Scott actualiza el relato bíblico desde su ya conocido interés por el realismo: los asesinatos son brutales, a veces en masa y hasta pueden ser perpetrados contra niños; las plagas dejan secuelas irreparables en la sociedad egipcia; las aguas del Mar Rojo, lejos de abrirse en forma espectacular, simplemente bajan hasta que el pueblo hebreo puede cruzar. Incluso Dios, después de una aparición más bien rutinaria de la zarza en llamas, es representado de la manera más despojada posible cuando toma el cuerpo de un niño, el que le habla a Moisés y al que solo puede ver el protagonista. El realismo no impide, sin embargo, que el director aproveche majestuosamente el digital para engrandecer batallas, escenas de exteriores e incluso los diálogos más bien intimistas del palacio de Seti, en los que se nota enseguida la opulencia y el lujo que ninguna otra película sobre el tema había conseguido plasmar así antes, y que logran un retrato del imperio egipcio incluso más ajustado a la verdad histórica: la trama sigue a una casta gobernante en decadenca que gusta de los excesos y placeres suntuosos pero que, consciente del derroche que estos implican, realiza un seguimiento obsesivo de gastos en las provincias y casas de mandatarios corruptos y subalternos que malgastan impuestos para vivir con la misma ostentación de riqueza que sus superiores.

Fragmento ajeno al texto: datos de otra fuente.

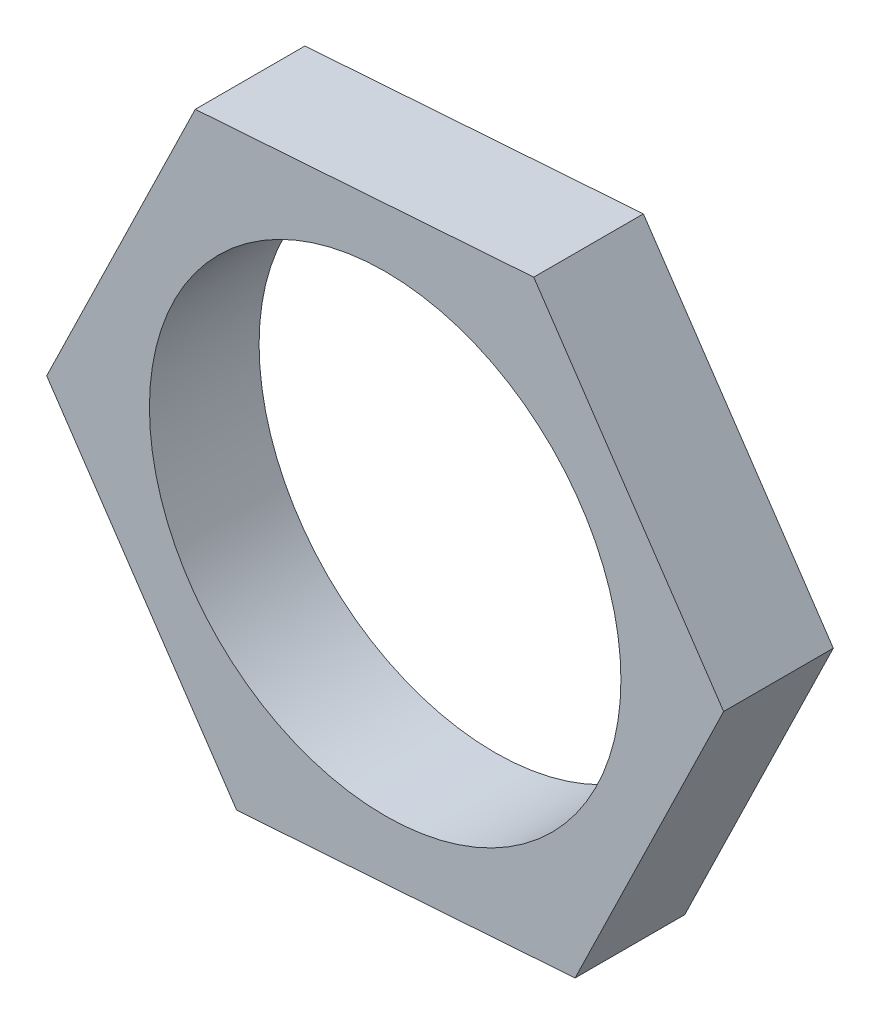
from build123d import *

# Parameters (mm, degrees)
SKETCH1_R           = 10.75
BOSS_EXTRUDE1_DEPTH = 5


with BuildPart() as part:
    # Sketch1 → Boss-Extrude1 (new body)
    with BuildSketch(Plane.XY):
        Polygon((6.774499028, 13.911128504), (-8.660141166, 12.822452508), (-15.434640194, -1.088675996), (-6.774499028, -13.911128504), (8.660141166, -12.822452508), (15.434640194, 1.088675996), align=None)
        Circle(SKETCH1_R, mode=Mode.SUBTRACT)
    extrude(amount=BOSS_EXTRUDE1_DEPTH)


solid = part.part
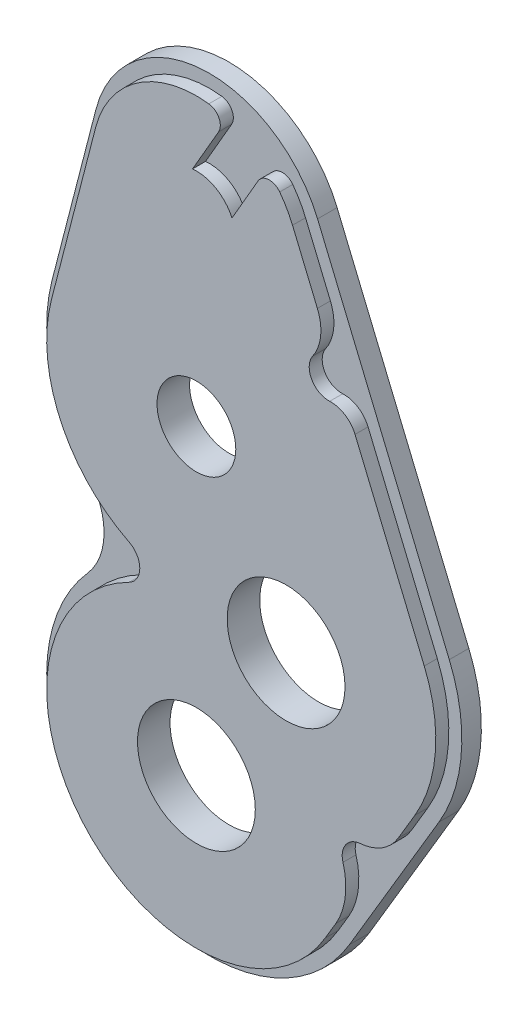
from build123d import *

# Parameters (mm, degrees)
SKETCH1_R           = 6.05
SKETCH1_R_2         = 9.05
BOSS_EXTRUDE1_DEPTH = 5
CUT_EXTRUDE1_START  = -2
CUT_EXTRUDE1_DEPTH  = 2


with BuildPart() as part:
    # Sketch1 → Boss-Extrude1 (new body)
    with BuildSketch(Plane.XY):
        with BuildLine():
            Line((-17.428425058, 4.5), (-24.206145914, -21.75))
            ThreePointArc((-24.206145914, -21.75), (-24.304944461, -33.854030643), (-18.705990528, -44.585714286))
            ThreePointArc((-18.705990528, -44.585714286), (-16.188386739, -51.22), (-18.705990528, -57.854285714))
            ThreePointArc((-18.705990528, -57.854285714), (-14.737892988, -94.633922608), (21.5, -87.197350822))
            Line((21.5, -87.197350822), (35.277938888, -63.977350822))
            ThreePointArc((35.277938888, -63.977350822), (38.71637128, -52.973450833), (36.851550967, -41.59667284))
            Line((36.851550967, -41.59667284), (16.613000697, 6.928795555))
            ThreePointArc((16.613000697, 6.928795555), (-1.281011782, 17.954359048), (-17.428425058, 4.5))
        make_face()
        with Locations((0, -28)):
            Circle(SKETCH1_R, mode=Mode.SUBTRACT)
        with Locations((13.777938888, -51.22)):
            Circle(SKETCH1_R_2, mode=Mode.SUBTRACT)
        with Locations((0, -74.44)):
            Circle(SKETCH1_R_2, mode=Mode.SUBTRACT)
    extrude(amount=BOSS_EXTRUDE1_DEPTH)

    # Sketch2 → Cut-Extrude1 (cut)
    with BuildSketch(Plane.XY.offset(5).offset(CUT_EXTRUDE1_START)):
        with BuildLine():
            Line((16.613000697, 6.928795555), (36.851550967, -41.59667284))
            ThreePointArc((36.851550967, -41.59667284), (38.71637128, -52.973450833), (35.277938888, -63.977350822))
            Line((35.277938888, -63.977350822), (21.5, -87.197350822))
            ThreePointArc((21.5, -87.197350822), (-14.737892988, -94.633922608), (-18.705990528, -57.854285714))
            ThreePointArc((-18.705990528, -57.854285714), (-16.188386739, -51.22), (-18.705990528, -44.585714286))
            ThreePointArc((-18.705990528, -44.585714286), (-24.304944461, -33.854030643), (-24.206145914, -21.75))
            Line((-24.206145914, -21.75), (-17.428425058, 4.5))
            ThreePointArc((-17.428425058, 4.5), (-1.281011782, 17.954359048), (16.613000697, 6.928795555))
        make_face()
        with BuildLine():
            Line((9.468285508, 9.39955156), (5.467787499, 2.470485754))
            ThreePointArc((5.467787499, 2.470485754), (3, 5.196152423), (-0.594390327, 5.970485754))
            Line((-0.594390327, 5.970485754), (3.406107682, 12.89955156))
            ThreePointArc((3.406107682, 12.89955156), (3.46289335, 14.794014563), (1.913207856, 15.885201783))
            ThreePointArc((1.913207856, 15.885201783), (-9.022746373, 13.213252737), (-15.491933385, 4))
            Line((-15.491933385, 4), (-22.269654241, -22.25))
            ThreePointArc((-22.269654241, -22.25), (-20.946970822, -37.498653241), (-10.347792006, -48.540769231))
            ThreePointArc((-10.347792006, -48.540769231), (-8.697504007, -51.22), (-10.347792006, -53.899230769))
            ThreePointArc((-10.347792006, -53.899230769), (-16.813726675, -90.133903125), (19.78, -86.176762756))
            Line((19.78, -86.176762756), (21.416047429, -83.419527323))
            ThreePointArc((21.416047429, -83.419527323), (22.868749584, -79.189380689), (22.517294907, -74.730573258))
            ThreePointArc((22.517294907, -74.730573258), (22.927957655, -72.188598464), (25.15802624, -70.901324657))
            ThreePointArc((25.15802624, -70.901324657), (28.527716294, -69.789192601), (31.009004018, -67.252490018))
            Line((31.009004018, -67.252490018), (33.557938888, -62.956762756))
            ThreePointArc((33.557938888, -62.956762756), (36.721296689, -52.833174766), (35.005662001, -42.366539013))
            Line((35.005662001, -42.366539013), (24.369440107, -16.864334436))
            ThreePointArc((24.369440107, -16.864334436), (22.811532345, -15.020784633), (20.47666212, -14.409120101))
            ThreePointArc((20.47666212, -14.409120101), (17.701744194, -12.866781789), (17.865596008, -9.696272437))
            ThreePointArc((17.865596008, -9.696272437), (19.084800596, -6.438585473), (18.585469893, -2.996252973))
            Line((18.585469893, -2.996252973), (14.76711173, 6.158929383))
            ThreePointArc((14.76711173, 6.158929383), (13.890682857, 7.940335621), (12.800384361, 9.599487498))
            ThreePointArc((12.800384361, 9.599487498), (11.080545761, 10.395960893), (9.468285508, 9.39955156))
        make_face(mode=Mode.SUBTRACT)
    extrude(amount=CUT_EXTRUDE1_DEPTH, mode=Mode.SUBTRACT)


solid = part.part
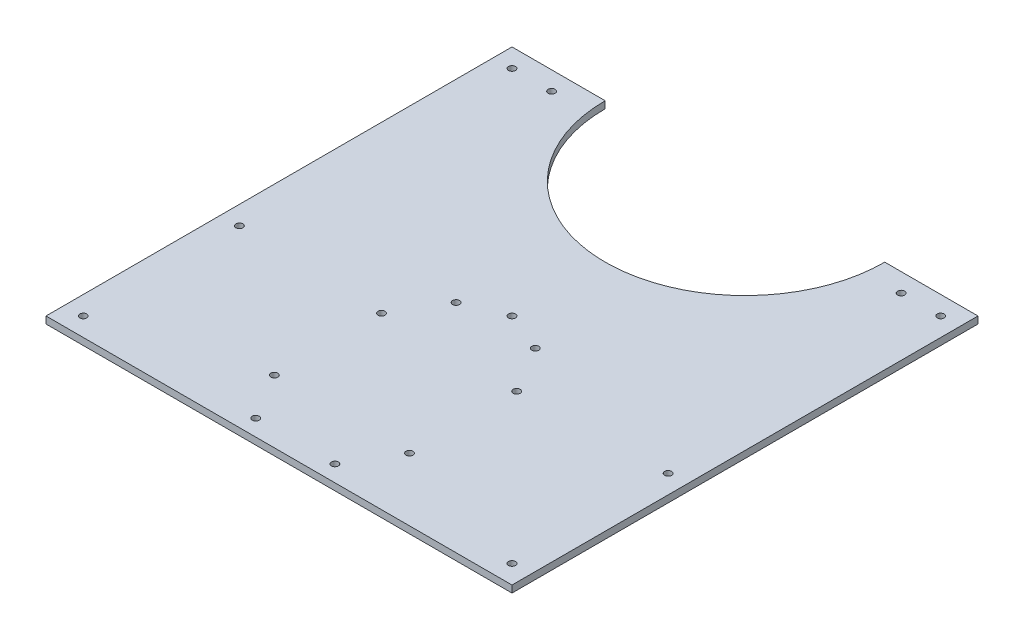
from build123d import *

# Parameters (mm, degrees)
SKETCH3_W           = 200
SKETCH3_H           = 200
BOSS_EXTRUDE1_DEPTH = 3
SKETCH4_R           = 1.5
SKETCH4_R_2         = 60
CUT_EXTRUDE1_DEPTH  = 5


with BuildPart() as part:
    # Sketch3 → Boss-Extrude1 (new body)
    with BuildSketch(Plane(origin=(0, 0, 0), x_dir=(1, 0, 0), z_dir=(0, 1, 0))):
        Rectangle(SKETCH3_W, SKETCH3_H)
    extrude(amount=BOSS_EXTRUDE1_DEPTH)

    # Sketch4 → Cut-Extrude1 (cut)
    with BuildSketch(Plane(origin=(0, 3, 0), x_dir=(1, 0, 0), z_dir=(0, 1, 0))):
        with Locations(Location((92, 92, 0), (0, 0, 270))):
            Circle(SKETCH4_R)
        with Locations(Location((92, -92, 0), (0, 0, 270))):
            Circle(SKETCH4_R)
        with Locations(Location((-92, -92, 0), (0, 0, 270))):
            Circle(SKETCH4_R)
        with Locations(Location((-92, 92, 0), (0, 0, 270))):
            Circle(SKETCH4_R)
        with Locations(Location((92, -25, 0), (0, 0, 270))):
            Circle(SKETCH4_R)
        with Locations(Location((17, -93, 0), (0, 0, 270))):
            Circle(SKETCH4_R)
        with Locations(Location((29, -73, 0), (0, 0, 270))):
            Circle(SKETCH4_R)
        with Locations(Location((75, 92, 0), (0, 0, 270))):
            Circle(SKETCH4_R)
        with Locations(Location((29, -27, 0), (0, 0, 270))):
            Circle(SKETCH4_R)
        with Locations(Location((17, -7, 0), (0, 0, 270))):
            Circle(SKETCH4_R)
        with Locations(Location((-92, -25, 0), (0, 0, 270))):
            Circle(SKETCH4_R)
        with Locations(Location((-17, -93, 0), (0, 0, 270))):
            Circle(SKETCH4_R)
        with Locations(Location((-29, -73, 0), (0, 0, 270))):
            Circle(SKETCH4_R)
        with Locations(Location((-29, -27, 0), (0, 0, 270))):
            Circle(SKETCH4_R)
        with Locations(Location((-17, -7, 0), (0, 0, 270))):
            Circle(SKETCH4_R)
        with Locations((0, 100)):
            Circle(SKETCH4_R_2)
        with Locations(Location((-75, 92, 0), (0, 0, 270))):
            Circle(SKETCH4_R)
        with Locations(Location((0, 0, 0), (0, 0, 270))):
            Circle(SKETCH4_R)
    extrude(amount=-CUT_EXTRUDE1_DEPTH, mode=Mode.SUBTRACT)


solid = part.part
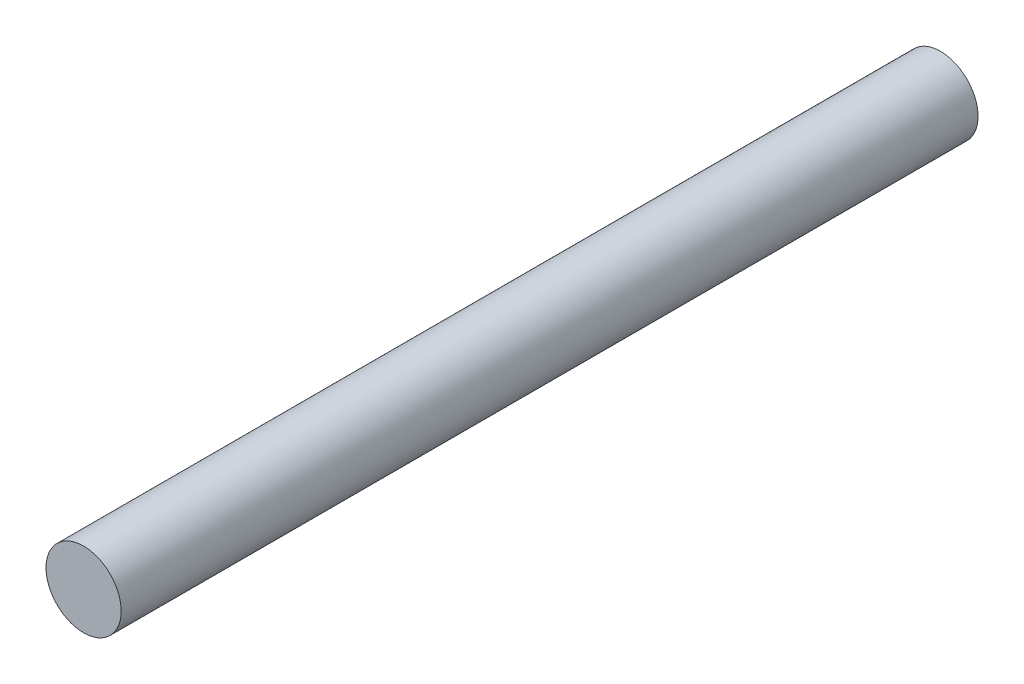
from build123d import *

# Parameters (mm, degrees)
SKETCH_1_R      = 2.5
EXTRUDE_1_DEPTH = 57


with BuildPart() as part:
    # Эскиз1 → Вытянуть1 (new body)
    with BuildSketch(Plane.XY):
        with Locations(Location((0, 0, 0), (0, 0, 180))):
            Circle(SKETCH_1_R)
    extrude(amount=EXTRUDE_1_DEPTH)


solid = part.part
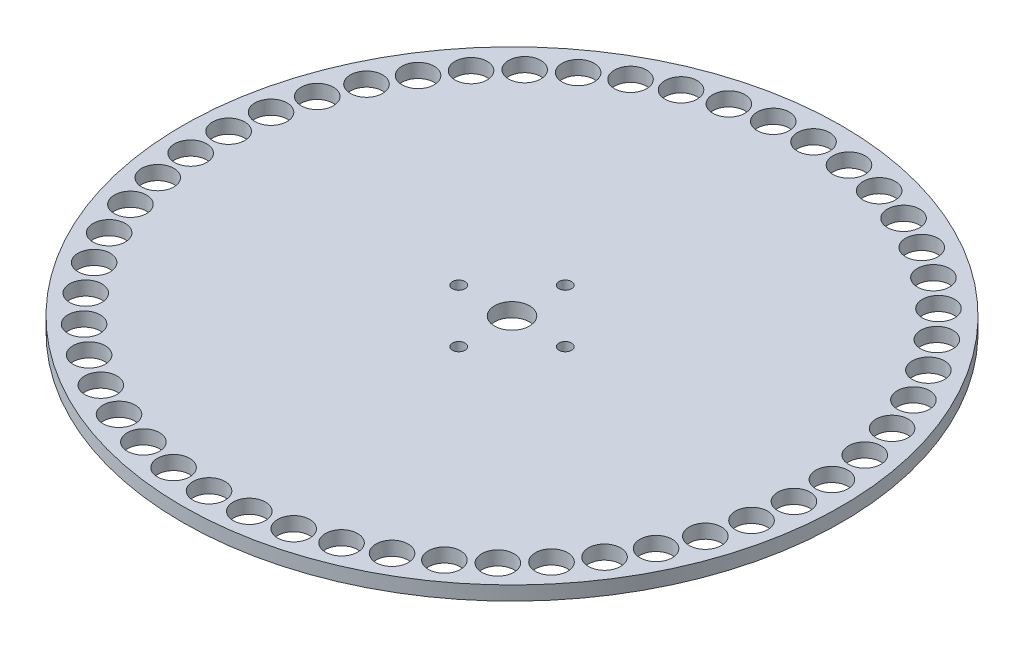
from build123d import *

# Parameters (mm, degrees)
SKETCH1_R           = 117.5
BOSS_EXTRUDE1_DEPTH = 5
SKETCH2_R           = 5.75
CUT_EXTRUDE1_DEPTH  = 167.245300685
CIRPATTERN1_COUNT   = 50
SKETCH3_R           = 6.25
CUT_EXTRUDE2_DEPTH  = 167.245300685
SKETCH4_R           = 2.25
CUT_EXTRUDE3_DEPTH  = 167.245300685
CIRPATTERN2_COUNT   = 4


with BuildPart() as part:
    # Sketch1 → Boss-Extrude1 (new body)
    with BuildSketch(Plane(origin=(0, 0, 0), x_dir=(1, 0, 0), z_dir=(0, 1, 0))):
        with Locations(Location((0, 0, 0), (0, 0, 270))):
            Circle(SKETCH1_R)
    extrude(amount=BOSS_EXTRUDE1_DEPTH)

    # Sketch2 → Cut-Extrude1 (cut, through all)
    with BuildSketch(Plane(origin=(0, 5, 0), x_dir=(1, 0, 0), z_dir=(0, 1, 0))):
        with Locations(Location((0, 107.5, 0), (0, 0, 270))):
            Circle(SKETCH2_R)
    cut_extrude1 = extrude(amount=-CUT_EXTRUDE1_DEPTH, mode=Mode.SUBTRACT)

    # CirPattern1: Cut-Extrude1 ×50 about axis
    cirpattern1_axis = Axis((0, 0, 0.258053464), (0, 1, 0))
    for i in range(1, CIRPATTERN1_COUNT):
        add(cut_extrude1.rotate(cirpattern1_axis, i * 360 / CIRPATTERN1_COUNT), mode=Mode.SUBTRACT)

    # Sketch3 → Cut-Extrude2 (cut, through all)
    with BuildSketch(Plane(origin=(0, 5, 0), x_dir=(1, 0, 0), z_dir=(0, 1, 0))):
        with Locations(Location((0, 0, 0), (0, 0, 270))):
            Circle(SKETCH3_R)
    extrude(amount=-CUT_EXTRUDE2_DEPTH, mode=Mode.SUBTRACT)

    # Sketch4 → Cut-Extrude3 (cut, through all)
    with BuildSketch(Plane(origin=(0, 5, 0), x_dir=(1, 0, 0), z_dir=(0, 1, 0))):
        with Locations(Location((19, 0, 0), (0, 0, 270))):
            Circle(SKETCH4_R)
    cut_extrude3 = extrude(amount=-CUT_EXTRUDE3_DEPTH, mode=Mode.SUBTRACT)

    # CirPattern2: Cut-Extrude3 ×4 about axis
    cirpattern2_axis = Axis((0, 0, 0), (0, 1, 0))
    for i in range(1, CIRPATTERN2_COUNT):
        add(cut_extrude3.rotate(cirpattern2_axis, i * 360 / CIRPATTERN2_COUNT), mode=Mode.SUBTRACT)


solid = part.part

Éxodo tiene sus altibajos, sobre todo narrativos, propios de cualquier película de proporciones semejantes: los diálogos muchas veces son torpes y reiterativos, y la trama vuelve una y otra vez a los mismos motivos como si temiera que el público se pierda en la inmensidad de la película (la identidad, el origen; la identidad, el origen, etc.). Sin embargo, Scott tiene la oportunidad poco común de corregir y mejorar sensiblemente lo hecho en otra película suya, Gladiador, de la que Éxodo toma no solo la figura del héroe caído y despojado de todo sino también el triángulo de intrigas y celos compuesto por un rey sabio a punto de morir, un hijo ambicioso incapacitado para sucederlo en el trono, y un hermano adoptado que cuenta con las aptitudes necesarias de las que carece el hijo, y que consecuentemente se transforma en un peligro a exterminar.

Así, a los tumbos entre escenas logradas que pierden algo de efectividad por obra de un guion machacón y reiterativo, la película se las arregla para maniobrar la solemnidad del relato bíblico con una impronta realista que parece ser la única marca más o menos visible del director. Por lo menos hasta que llegan las plagas, y la película, olvidada por un rato de la trama, da rienda suelta a la reconstrucción de los daños y la locura que producen tanto en las calles como en el palacio real. En ese momento parece que Éxodo se tomara una pausa para regodearse detenidamente en el espectáculo de destrucción y muerte que asolan Egipto por obra de un Dios cruel y vengativo; se nota que la idea fascina al director, y que ahora, suspendido el avance de la historia, deja que la imagen se adueñe por completo de la película, como cuando un mar infestado de cocodrilos, que en su frenesí devorador hasta se comen unos a otros, se tiñe entero de sangre.